Building and Understanding Adaptive Systems: A Statistical/Numerical Approach to Factory Automation and Brain Research

Successes with expert systems and other specialized systems have revived hopes for factory automation and productivity growth. A full realization of these potentials will require conscious effort to overcome obsolete rigidities, to develop unified and adaptive methods for integrating complex systems, and to increase our understanding of these systems (understanding which is vital to human productivity in developing software). How adaptive systems may be built and understood by extending control theory and statistics is discussed. Adaptive systems, like human infants, are less agile than young monkeys but have something important to contribute as they mature.

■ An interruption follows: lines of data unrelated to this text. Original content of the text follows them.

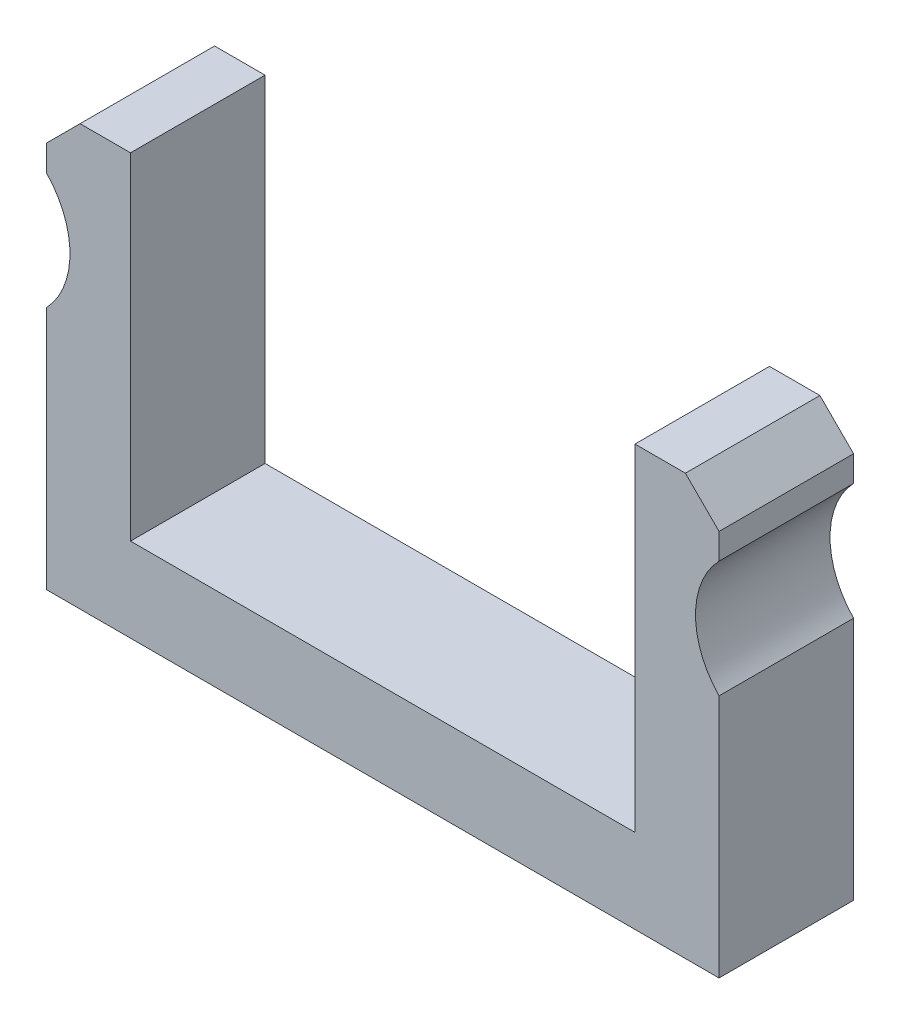
from build123d import *

# Parameters (mm, degrees)
BOSS_EXTRUDE1_DEPTH = 10.16
SKETCH2_R           = 6.35
CUT_EXTRUDE1_DEPTH  = 25.4
CHAMFER1_SIZE       = 2.54
CHAMFER2_SIZE       = 2.54


with BuildPart() as part:
    # Sketch1 → Boss-Extrude1 (new body)
    with BuildSketch(Plane.XY):
        Polygon((-34.042504308, -19.37463512), (16.757495692, -19.37463512), (16.757495692, 12.37536488), (10.407495692, 12.37536488), (10.407495692, -13.02463512), (-27.692504308, -13.02463512), (-27.692504308, 12.37536488), (-34.042504308, 12.37536488), align=None)
    extrude(amount=BOSS_EXTRUDE1_DEPTH)

    # Sketch2 → Cut-Extrude1 (cut)
    with BuildSketch(Plane.XY.offset(10.16)):
        with Locations((-38.614504308, 3.48536488)):
            Circle(SKETCH2_R)
        with Locations((21.329495692, 3.48536488)):
            Circle(SKETCH2_R)
    extrude(amount=-CUT_EXTRUDE1_DEPTH, mode=Mode.SUBTRACT)

    # Chamfer1
    chamfer1_edges = [part.edges().sort_by_distance(p)[0] for p in [
        (16.757495692, 12.37536488, 5.08),
    ]]
    chamfer(chamfer1_edges, length=CHAMFER1_SIZE)

    # Chamfer2
    chamfer2_edges = [part.edges().sort_by_distance(p)[0] for p in [
        (-34.042504308, 12.37536488, 5.08),
    ]]
    chamfer(chamfer2_edges, length=CHAMFER2_SIZE)


solid = part.part
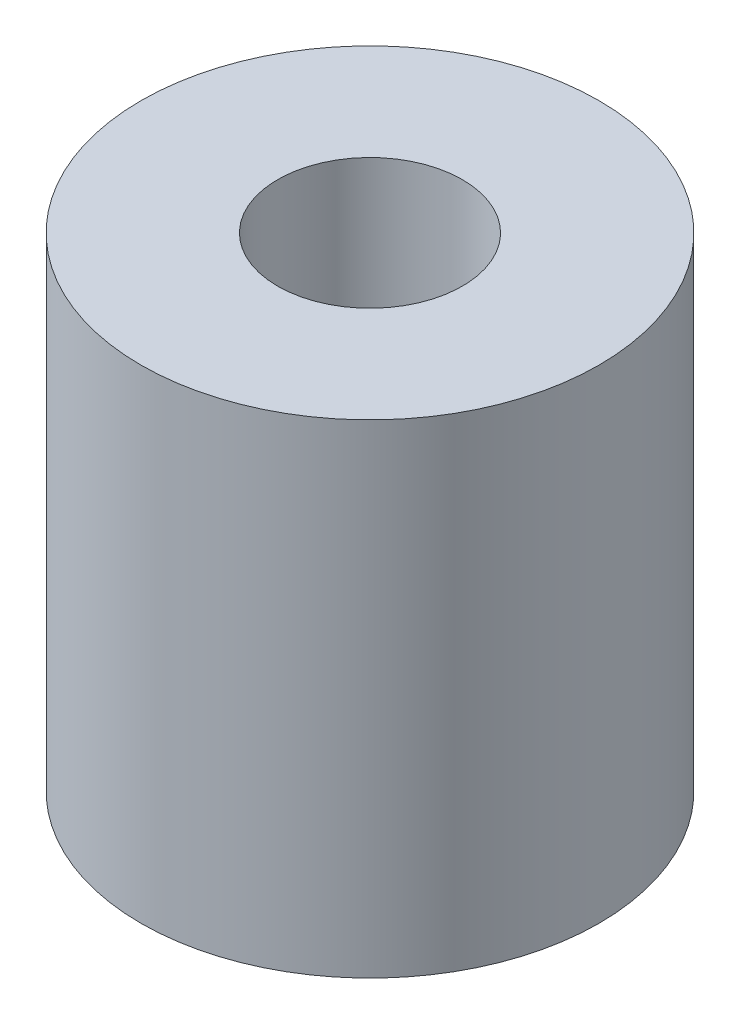
from build123d import *

# Parameters (mm, degrees)
SKETCH1_R           = 7.9375
SKETCH1_R_2         = 3.2004
BOSS_EXTRUDE1_DEPTH = 16.755


with BuildPart() as part:
    # Sketch1 → Boss-Extrude1 (new body)
    with BuildSketch(Plane(origin=(0, 0, 0), x_dir=(1, 0, 0), z_dir=(0, 1, 0))):
        Circle(SKETCH1_R)
        Circle(SKETCH1_R_2, mode=Mode.SUBTRACT)
    extrude(amount=BOSS_EXTRUDE1_DEPTH)


solid = part.part

It argues that the old dream of understanding intelligence in generalized terms, permitting a unified understanding of adaptive systems and of the human mind, was not incorrect; rather, the early attempts in that direction failed because they did not make full use of research possibilities in statistics, control theory, and numerical analysis (many of which are still unexploited) and were limited by hardware costs which are now coming down. A basic adaptive system derived from this approach fits the fundamental, qualitative empirical facts of human brain physiology in some detail (unlike the usual "general neuron models," which rarely even discriminate between basic components of the brain), and offers opportunities for further research; it can even translate certain fundamental ideas of Freud into something more mathematical and scientific. The mathematics of the basic system, and the fit to the brain, are described in detail.